A new research has found that hand gestures dramatically improve learning and understanding a new concept.

A University of Rochester scientist has suggested that the use of hand gestures while learning a new concept considerably improves the ability to retain that concept.

Kids asked to physically signal at math problems are almost three times more likely than non-gesturers to remember what they've learned. The study shows that it's feasible to help children learn difficult concepts by providing gestures as an added and powerful way for absorbing information.

"We've known for a while that we use gestures to add information to a conversation even when we're not entirely clear how that information relates to what we're saying. We asked if the reverse could be true; if actively employing gestures when learning helps retain new information," says Susan Wagner Cook, lead author and postdoctoral fellow at the University.

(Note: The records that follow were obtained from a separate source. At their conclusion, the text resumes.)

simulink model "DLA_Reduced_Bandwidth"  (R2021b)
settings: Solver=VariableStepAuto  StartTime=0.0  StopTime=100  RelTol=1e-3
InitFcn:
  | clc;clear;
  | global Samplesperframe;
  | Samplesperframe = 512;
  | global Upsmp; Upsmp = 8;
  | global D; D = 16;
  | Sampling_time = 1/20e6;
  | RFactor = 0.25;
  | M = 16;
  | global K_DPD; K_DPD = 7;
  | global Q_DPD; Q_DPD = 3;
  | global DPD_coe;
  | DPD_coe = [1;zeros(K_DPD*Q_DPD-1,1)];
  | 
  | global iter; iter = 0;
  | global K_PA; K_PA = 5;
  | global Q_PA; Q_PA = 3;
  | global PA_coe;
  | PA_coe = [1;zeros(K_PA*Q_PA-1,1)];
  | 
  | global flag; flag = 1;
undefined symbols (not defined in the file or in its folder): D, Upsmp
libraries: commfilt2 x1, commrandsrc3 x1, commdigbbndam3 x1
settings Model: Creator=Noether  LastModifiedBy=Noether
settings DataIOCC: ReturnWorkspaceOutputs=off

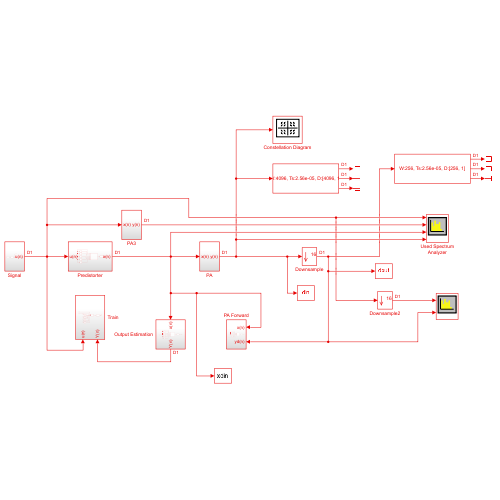
[thumbnail: Simulink's stored preview of the top-level diagram]
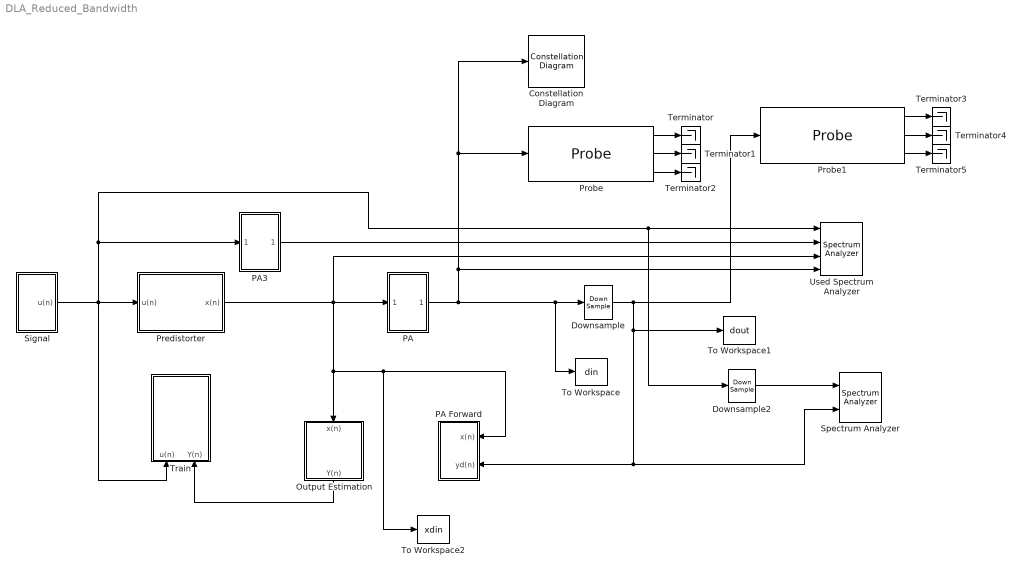
== system DLA_Reduced_Bandwidth ==
  Constellation Diagram : ConstellationDiagram
  Downsample : DownSample  N=D
  Downsample2 : DownSample  N=D
  Output Estimation : Subsystem
  PA : Subsystem
  PA Forward : Subsystem
  PA3 : Subsystem
  Predistorter : Subsystem
  Probe : Probe  ProbeComplexSignal=off  ProbeSignalDimensions=on
  Probe1 : Probe  ProbeComplexSignal=off  ProbeSignalDimensions=on
  Signal : Subsystem
  Spectrum Analyzer : SpectrumAnalyzer  NumInputPorts=2
  Terminator{,1..5} (6 alike) : Terminator
  To Workspace : ToWorkspace  VariableName=din  SampleTime=-1
      settings: MaxDataPoints=4096*D  Save2DSignal=2-D array (concatenate along first dimension)
  To Workspace1 : ToWorkspace  VariableName=dout  SampleTime=-1
      settings: MaxDataPoints=4096  Save2DSignal=2-D array (concatenate along first dimension)
  To Workspace2 : ToWorkspace  VariableName=xdin  SampleTime=-1
      settings: MaxDataPoints=4096*D  Save2DSignal=2-D array (concatenate along first dimension)
  Train : Subsystem
  Used Spectrum Analyzer : SpectrumAnalyzer  NumInputPorts=4
  wires:
  Output Estimation/1(Y(n)) -> Train/2(Y(n))
  Signal/1(u(n)) -> Downsample2/1, Used Spectrum Analyzer/1, PA3/1(x(n)), Train/1(u(n)), Predistorter/1(u(n))
  Predistorter/1(x(n)) -> To Workspace2/1, PA Forward/1(x(n)), Output Estimation/1(x(n)), Used Spectrum Analyzer/3, PA/1(x(n))
  Probe/1 -> Terminator/1
  Probe/2 -> Terminator1/1
  Probe/3 -> Terminator2/1
  Probe1/1 -> Terminator3/1
  PA3/1(y(n)) -> Used Spectrum Analyzer/2
  Probe1/3 -> Terminator5/1
  Probe1/2 -> Terminator4/1
  Downsample/1 -> Spectrum Analyzer/2, PA Forward/2(yd(n)), To Workspace1/1, Probe1/1
  PA/1(y(n)) -> To Workspace/1, Downsample/1, Constellation Diagram/1, Probe/1, Used Spectrum Analyzer/4
  Downsample2/1 -> Spectrum Analyzer/1

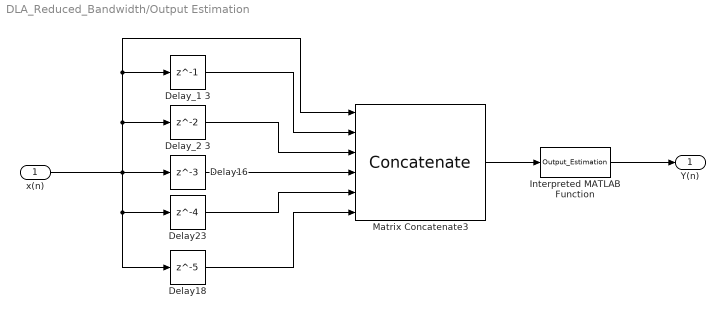
== system DLA_Reduced_Bandwidth/Output Estimation ==
  x(n) : Inport
  Delay16 : Delay  DelayLength=3  InputProcessing=Columns as channels (frame based)
  Delay18 : Delay  DelayLength=5  InputProcessing=Columns as channels (frame based)
  Delay23 : Delay  DelayLength=4  InputProcessing=Columns as channels (frame based)
  Delay_1 3 : Delay  DelayLength=1  InputProcessing=Columns as channels (frame based)
  Delay_2 3 : Delay  InputProcessing=Columns as channels (frame based)
  Interpreted MATLAB Function : MATLABFcn  MATLABFcn=Output_Estimation  Output1D=off
  Matrix Concatenate3 : Concatenate  NumInputs=6  Mode=Multidimensional array  ConcatenateDimension=2
  Y(n) : Outport
  wires:
  Delay_2 3/1 -> Matrix Concatenate3/3
  x(n)/1 -> Delay18/1, Delay23/1, Matrix Concatenate3/1, Delay_1 3/1, Delay_2 3/1, Delay16/1
  Delay18/1 -> Matrix Concatenate3/6
  Delay16/1 -> Matrix Concatenate3/4
  Delay23/1 -> Matrix Concatenate3/5
  Delay_1 3/1 -> Matrix Concatenate3/2
  Matrix Concatenate3/1 -> Interpreted MATLAB Function/1
  Interpreted MATLAB Function/1 -> Y(n)/1

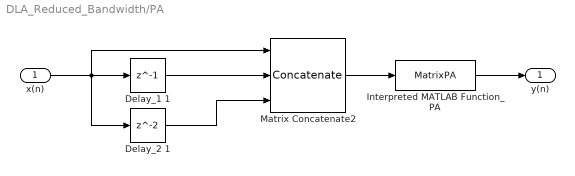
== system DLA_Reduced_Bandwidth/PA ==
  x(n) : Inport
  Delay_1 1 : Delay  DelayLength=1  InputProcessing=Columns as channels (frame based)
  Delay_2 1 : Delay  InputProcessing=Columns as channels (frame based)
  "Interpreted MATLAB Function_PA " : MATLABFcn  MATLABFcn=MatrixPA  Output1D=off
  Matrix Concatenate2 : Concatenate  NumInputs=3  Mode=Multidimensional array  ConcatenateDimension=2
  y(n) : Outport
  wires:
  "Interpreted MATLAB Function_PA "/1 -> y(n)/1
  x(n)/1 -> Delay_2 1/1, Matrix Concatenate2/1, Delay_1 1/1
  Delay_2 1/1 -> Matrix Concatenate2/3
  Matrix Concatenate2/1 -> "Interpreted MATLAB Function_PA "/1
  Delay_1 1/1 -> Matrix Concatenate2/2

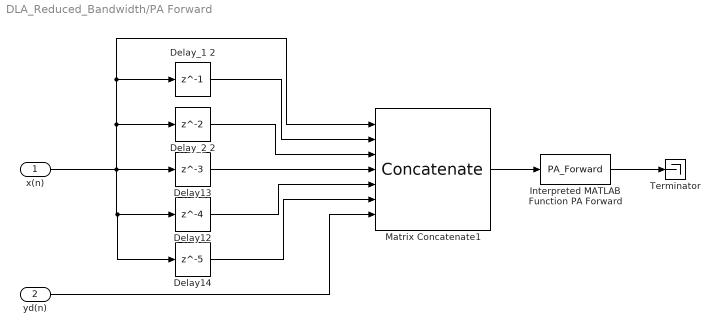
== system DLA_Reduced_Bandwidth/PA Forward ==
  x(n) : Inport
  yd(n) : Inport  Port=2
  Delay12 : Delay  DelayLength=4  InputProcessing=Columns as channels (frame based)
  Delay13 : Delay  DelayLength=3  InputProcessing=Columns as channels (frame based)
  Delay14 : Delay  DelayLength=5  InputProcessing=Columns as channels (frame based)
  Delay_1 2 : Delay  DelayLength=1  InputProcessing=Columns as channels (frame based)
  Delay_2 2 : Delay  InputProcessing=Columns as channels (frame based)
  Interpreted MATLAB Function PA Forward : MATLABFcn  MATLABFcn=PA_Forward  Output1D=off
  Matrix Concatenate1 : Concatenate  NumInputs=7  Mode=Multidimensional array
  Terminator : Terminator
  wires:
  Delay12/1 -> Matrix Concatenate1/5
  x(n)/1 -> Delay13/1, Delay14/1, Delay12/1, Matrix Concatenate1/1, Delay_1 2/1, Delay_2 2/1
  Delay_2 2/1 -> Matrix Concatenate1/3
  Delay14/1 -> Matrix Concatenate1/6
  Delay13/1 -> Matrix Concatenate1/4
  Delay_1 2/1 -> Matrix Concatenate1/2
  Interpreted MATLAB Function PA Forward/1 -> Terminator/1
  Matrix Concatenate1/1 -> Interpreted MATLAB Function PA Forward/1
  yd(n)/1 -> Matrix Concatenate1/7

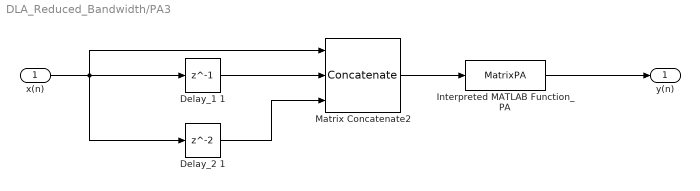
== system DLA_Reduced_Bandwidth/PA3 ==
  x(n) : Inport
  Delay_1 1 : Delay  DelayLength=1  InputProcessing=Columns as channels (frame based)
  Delay_2 1 : Delay  InputProcessing=Columns as channels (frame based)
  "Interpreted MATLAB Function_PA " : MATLABFcn  MATLABFcn=MatrixPA  Output1D=off
  Matrix Concatenate2 : Concatenate  NumInputs=3  Mode=Multidimensional array  ConcatenateDimension=2
  y(n) : Outport
  wires:
  "Interpreted MATLAB Function_PA "/1 -> y(n)/1
  x(n)/1 -> Delay_2 1/1, Matrix Concatenate2/1, Delay_1 1/1
  Delay_2 1/1 -> Matrix Concatenate2/3
  Matrix Concatenate2/1 -> "Interpreted MATLAB Function_PA "/1
  Delay_1 1/1 -> Matrix Concatenate2/2

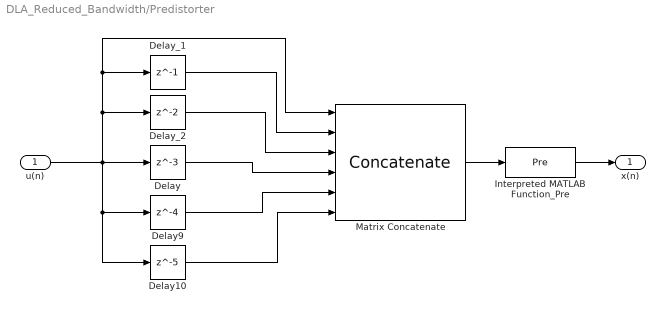
== system DLA_Reduced_Bandwidth/Predistorter ==
  u(n) : Inport
  Delay : Delay  DelayLength=3  InputProcessing=Columns as channels (frame based)
  Delay10 : Delay  DelayLength=5  InputProcessing=Columns as channels (frame based)
  Delay9 : Delay  DelayLength=4  InputProcessing=Columns as channels (frame based)
  "Delay_1 " : Delay  DelayLength=1  InputProcessing=Columns as channels (frame based)
  "Delay_2 " : Delay  InputProcessing=Columns as channels (frame based)
  Interpreted MATLAB Function_Pre : MATLABFcn  MATLABFcn=Pre  Output1D=off
  Matrix Concatenate : Concatenate  NumInputs=6  Mode=Multidimensional array  ConcatenateDimension=2
  x(n) : Outport
  wires:
  Delay/1 -> Matrix Concatenate/4
  u(n)/1 -> Delay9/1, Delay10/1, Delay/1, Matrix Concatenate/1, "Delay_1 "/1, "Delay_2 "/1
  "Delay_1 "/1 -> Matrix Concatenate/2
  Delay9/1 -> Matrix Concatenate/5
  Delay10/1 -> Matrix Concatenate/6
  "Delay_2 "/1 -> Matrix Concatenate/3
  Matrix Concatenate/1 -> Interpreted MATLAB Function_Pre/1
  Interpreted MATLAB Function_Pre/1 -> x(n)/1

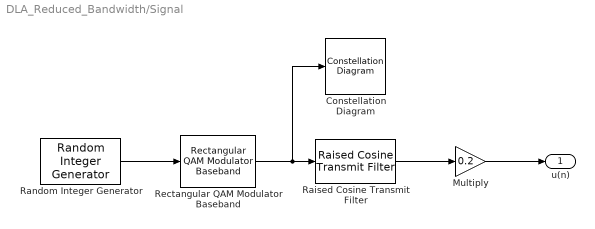
== system DLA_Reduced_Bandwidth/Signal ==
  Constellation Diagram : ConstellationDiagram
  Multiply : Gain  Gain=0.2
  Raised Cosine Transmit Filter : commfilt2/Raised Cosine Transmit Filter  filtType=Square root  R=RFactor  filtSpan=50  N=Upsmp  filterGain=1  InputProcessing=Columns as channels (frame based)  RateOptions=Enforce single-rate processing  framing=Mute  checkCoeff=off  variableName=rcTxFilt  checkGain=Normalized  sampMode=Mute  saveAsFlag=0  currentFiltSpan=50  D=(50)/2  launchFVT=on  roundingMode=Floor  overflowMode=off  coeffDataTypeStr=Inherit: Same word length as input  coeffMin=[]  coeffMax=[]  coeffLastDataTypeStr=Inherit: Same word length as input  outputDataTypeStr=Inherit: Same as accumulator  outputMin=[]  outputMax=[]  outputLastDataTypeStr=Inherit: Same as accumulator
  Random Integer Generator : commrandsrc3/Random Integer Generator  SetSize=M  SeedSource=Parameter  Seed=10  SampleTime=Sampling_time  SamplesPerFrame=Samplesperframe  OutputDataType=double  SimulateUsing=Interpreted execution
  Rectangular QAM Modulator Baseband : commdigbbndam3/Rectangular QAM Modulator Baseband  M=M  InType=Integer  Enc=Gray  Mapping=[0:15]  PowType=Min. distance between symbols  MinDist=2  AvgPow=1  PeakPow=1  Ph=0  outDtype=double  outWordLen=16  outUDDataType=sfix(16)  outFracLenMode=Best precision  outFracLen=15  outDataTypeStr=double  outLastDataTypeStr=double
  u(n) : Outport
  wires:
  Rectangular QAM Modulator Baseband/1 -> Constellation Diagram/1, Raised Cosine Transmit Filter/1
  Random Integer Generator/1 -> Rectangular QAM Modulator Baseband/1
  Raised Cosine Transmit Filter/1 -> Multiply/1
  Multiply/1 -> u(n)/1

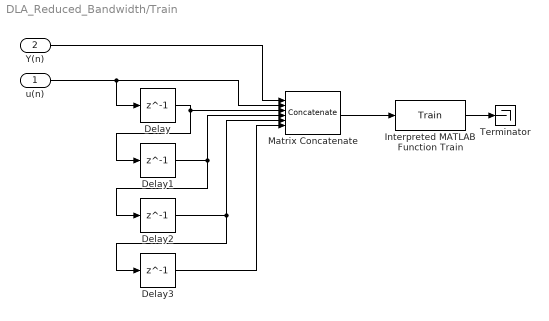
== system DLA_Reduced_Bandwidth/Train ==
  u(n) : Inport
  Y(n) : Inport  Port=2
  Delay{,1..3} (4 alike) : Delay  DelayLength=1  InputProcessing=Columns as channels (frame based)
  Interpreted MATLAB Function Train : MATLABFcn  MATLABFcn=Train
  Matrix Concatenate : Concatenate  NumInputs=6  Mode=Multidimensional array  ConcatenateDimension=2
  Terminator : Terminator
  wires:
  Interpreted MATLAB Function Train/1 -> Terminator/1
  Delay/1 -> Delay1/1, Matrix Concatenate/3
  Y(n)/1 -> Matrix Concatenate/1
  Delay3/1 -> Matrix Concatenate/6
  Matrix Concatenate/1 -> Interpreted MATLAB Function Train/1
  Delay1/1 -> Delay2/1, Matrix Concatenate/4
  u(n)/1 -> Matrix Concatenate/2, Delay/1
  Delay2/1 -> Delay3/1, Matrix Concatenate/5

In Cook's study, 90 percent of students who had learned algebraic concepts using gestures remembered them three weeks later. Only 33 percent of speech-only students who had learned the concept during instruction later retained the lesson. And perhaps most surprising of all, 90 percent of students who had learned by gesture alone, no speech at all, recollected what they'd been taught.

Cook used a variation on a classic gesturing experiment. When third graders approach a two-sided algebra equation, such as "9+3+6=__+6" on a blackboard, they will likely try to solve it in the simple way they have always approached math problems.

However, even when children discard that final integer, they will often point to it momentarily as they explain how they attacked the problem. Those children who gestured to the number, even though they may seem to ignore it, are demonstrating that they have a piece of information they can't reconcile. Cook divided 84 third and fourth graders into three groups. One group expressed the concept verbally without being allowed to use gestures. The second group was allowed to use only gestures and no speech, and the third group employed both. Teachers gave all the children the same instruction, which used both speech and gesture.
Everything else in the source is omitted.